So yes, I baked a mini-baby for nine months, I gave birth, breastfeed, and now I am raising a Canadian-Chinese-French baby.

This doesn’t make me wonder woman. I have no special powers, I put all my freaking energy into my new job because guess what—parenting is a learning curve. Just because I pushed a baby out of me didn’t turn me into a know-it-all. Mark didn’t come with an instruction manual.

I do believe there is some kind of instinct in play here. I do have a strong bond with Mark, since the beginning, since he was put on my chest, all bloody and still screaming from the shock of entering the outside world. And because I was pregnant for nine months, feeling every kick and every move inside me, I did get a head start in parenting. For Feng—and I assume for most partners—the concept of a baby is more abstract during the baking period, even though towards the end he could play “poke the baby in the belly”.

But instinct isn’t everything.

I take my new job seriously but it doesn’t mean I don’t grope for a magic “happy baby and happy mommy” formula. I usually stay clear from parenting websites and message boards because they invariably make me feel bad (especially when patrolled by sanctimommies). I take advice from friends but all babies are different, plus we all have our own priorities and lifestyles. So most of the time, I resort to common sense.

Sure, I can comfort Mark, feed him, bathe him, change him, and make him laugh and smile. And yes, his first happy grins were for us, the parents, not for the random curious strangers at the supermarket marvelling over his head full of hair. Sure, Mark recognized me very early on, turning to see me when I was walking by or gripping my finger with his tiny hand. He seems to trust us and to like us.

But I still don’t have magic powers. Sometimes, I can’t figure out what’s wrong with him, I can’t make him stop crying on command or I can’t magically soothe any baby booboos he may have. Some days, I’m simply too tired to put all my energy into comforting him. Some days I have no patience left and I just want the day to end. Sometimes, I hand him to Feng because I need a moment.

Because you know what? I’m a freaking human being who happens to be a mother, among other things. Not some kind of semi-God whose life now entirely revolves around its offspring.

It’s not because you have breasts that breastfeeding is easy; it’s not because you have a womb that you can conceive easily; it’s not because you have two copies of the X chromosome that you know everything about babies. Just like it’s not because you have two feet that you are a ballet dancer.

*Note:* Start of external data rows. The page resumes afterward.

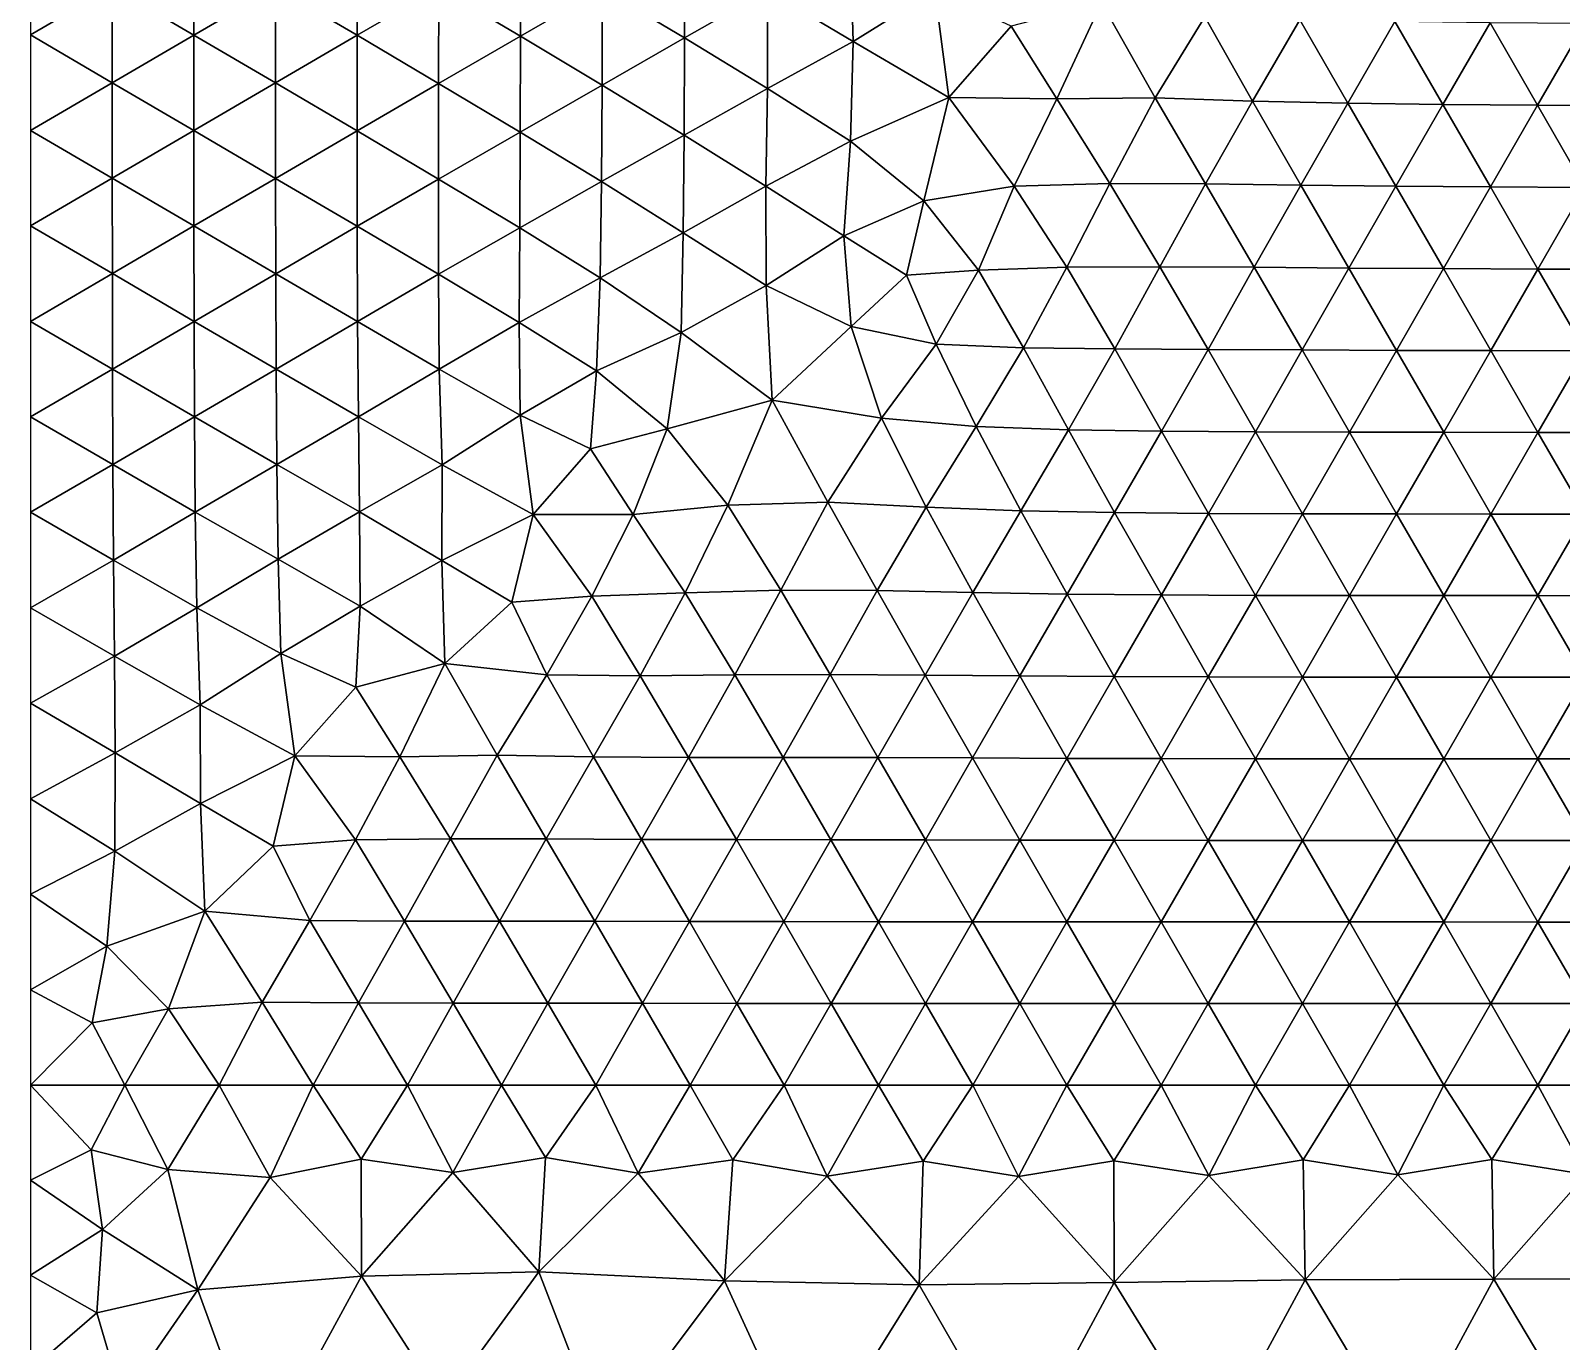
# Model space of a CAD drawing. Header units: metres. Extents: x 0 to 72, y -280 to 0.
# Drawn here: x 0.2 to 3.45, y -8.044 to -5.261 of the extents above; entities that cross this region are included whole.
import ezdxf

# ---------------------------------------------------------------- set-up
doc = ezdxf.new("R2010")
doc.units = ezdxf.units.M

msp = doc.modelspace()

# ---------------------------------------------------------------- linework, layer by layer
at = {"layer": 'layer', "color": 0}
for points in [[(0.2, -5.06757), (0.2, -5.27027), (0.37323, -5.16898)], [(0.546444, -5.06769), (0.37323, -5.16898), (0.546465, -5.27043)], [(0.546444, -5.06769), (0.546465, -5.27043), (0.719676, -5.16921)], [(0.892937, -5.06803), (0.719676, -5.16921), (0.892913, -5.27094)], [(0.892937, -5.06803), (0.892913, -5.27094), (1.06626, -5.16997)], [(1.2398, -5.06899), (1.06626, -5.16997), (1.23969, -5.27259)], [(1.2398, -5.06899), (1.23969, -5.27259), (1.4137, -5.17195)], [(1.58817, -5.07103), (1.4137, -5.17195), (1.58835, -5.27645)], [(1.58817, -5.07103), (1.58835, -5.27645), (1.76455, -5.17577)], [(1.94, -5.07336), (1.76455, -5.17577), (1.94591, -5.28389)], [(1.94, -5.07336), (1.94591, -5.28389), (2.11951, -5.17558)], [(0.37323, -5.16898), (0.2, -5.27027), (0.373259, -5.37169)], [(0.37323, -5.16898), (0.373259, -5.37169), (0.546465, -5.27043)], [(0.719676, -5.16921), (0.546465, -5.27043), (0.719703, -5.37198)], [(0.719676, -5.16921), (0.719703, -5.37198), (0.892913, -5.27094)], [(1.06626, -5.16997), (0.892913, -5.27094), (1.06613, -5.37313)], [(1.06626, -5.16997), (1.06613, -5.37313), (1.23969, -5.27259)], [(1.4137, -5.17195), (1.23969, -5.27259), (1.41333, -5.37654)], [(1.4137, -5.17195), (1.41333, -5.37654), (1.58835, -5.27645)], [(1.76455, -5.17577), (1.58835, -5.27645), (1.76425, -5.38367)], [(1.76455, -5.17577), (1.76425, -5.38367), (1.94591, -5.28389)], [(2.11951, -5.17558), (1.94591, -5.28389), (2.14963, -5.40325)], [(2.11951, -5.17558), (2.14963, -5.40325), (2.28166, -5.25171)], [(2.28166, -5.25171), (2.37841, -5.40613), (2.47311, -5.20221)], [(2.37841, -5.40613), (2.58734, -5.40391), (2.47311, -5.20221)], [(2.47311, -5.20221), (2.58734, -5.40391), (2.693, -5.23159)], [(2.58734, -5.40391), (2.79379, -5.41091), (2.693, -5.23159)], [(2.693, -5.23159), (2.79379, -5.41091), (2.89424, -5.23794)], [(2.28166, -5.25171), (2.14963, -5.40325), (2.37841, -5.40613)], [(2.79379, -5.41091), (2.99643, -5.41514), (2.89424, -5.23794)], [(2.89424, -5.23794), (2.99643, -5.41514), (3.09633, -5.24147)], [(2.99643, -5.41514), (3.1981, -5.4178), (3.09633, -5.24147)], [(3.09633, -5.24147), (3.1981, -5.4178), (3.29821, -5.24418)], [(3.1981, -5.4178), (3.39916, -5.41951), (3.29821, -5.24418)], [(3.29821, -5.24418), (3.39916, -5.41951), (3.49938, -5.24614)], [(3.39916, -5.41951), (3.59974, -5.42054), (3.49938, -5.24614)], [(0.2, -5.27027), (0.2, -5.47297), (0.373259, -5.37169)], [(0.546465, -5.27043), (0.373259, -5.37169), (0.546537, -5.47313)], [(0.546465, -5.27043), (0.546537, -5.47313), (0.719703, -5.37198)], [(0.892913, -5.27094), (0.719703, -5.37198), (0.892905, -5.47378)], [(0.892913, -5.27094), (0.892905, -5.47378), (1.06613, -5.37313)], [(1.23969, -5.27259), (1.06613, -5.37313), (1.23924, -5.47631)], [(1.23969, -5.27259), (1.23924, -5.47631), (1.41333, -5.37654)], [(1.58835, -5.27645), (1.41333, -5.37654), (1.58731, -5.48276)], [(1.58835, -5.27645), (1.58731, -5.48276), (1.76425, -5.38367)], [(1.94591, -5.28389), (1.76425, -5.38367), (1.94023, -5.49604)], [(1.94591, -5.28389), (1.94023, -5.49604), (2.14963, -5.40325)], [(0.373259, -5.37169), (0.2, -5.47297), (0.373337, -5.57438)], [(0.373259, -5.37169), (0.373337, -5.57438), (0.546537, -5.47313)], [(0.719703, -5.37198), (0.546537, -5.47313), (0.719836, -5.57468)], [(0.719703, -5.37198), (0.719836, -5.57468), (0.892905, -5.47378)], [(1.06613, -5.37313), (0.892905, -5.47378), (1.06592, -5.57611)], [(1.06613, -5.37313), (1.06592, -5.57611), (1.23924, -5.47631)], [(1.41333, -5.37654), (1.23924, -5.47631), (1.4122, -5.58155)], [(1.41333, -5.37654), (1.4122, -5.58155), (1.58731, -5.48276)], [(1.76425, -5.38367), (1.58731, -5.48276), (1.76084, -5.59131)], [(1.76425, -5.38367), (1.76084, -5.59131), (1.94023, -5.49604)], [(2.14963, -5.40325), (1.94023, -5.49604), (2.09597, -5.6221)], [(2.14963, -5.40325), (2.09597, -5.6221), (2.28786, -5.59136)], [(2.14963, -5.40325), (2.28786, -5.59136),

Mothering—and parenting—is an art that takes time to develop and perfect. Just because I briefly played with dolls when I was a kid doesn’t make me a baby expert (I liked Legos best, anyway). I don’t have the answer to every baby-related issue. I make decisions along the way, some good, some bad, who knows.

I want Mark to be a happy baby and an awesome human being.

But stop with the pressure. I’m giving my son love. That’s the best I can do. I’m learning the rest on the way.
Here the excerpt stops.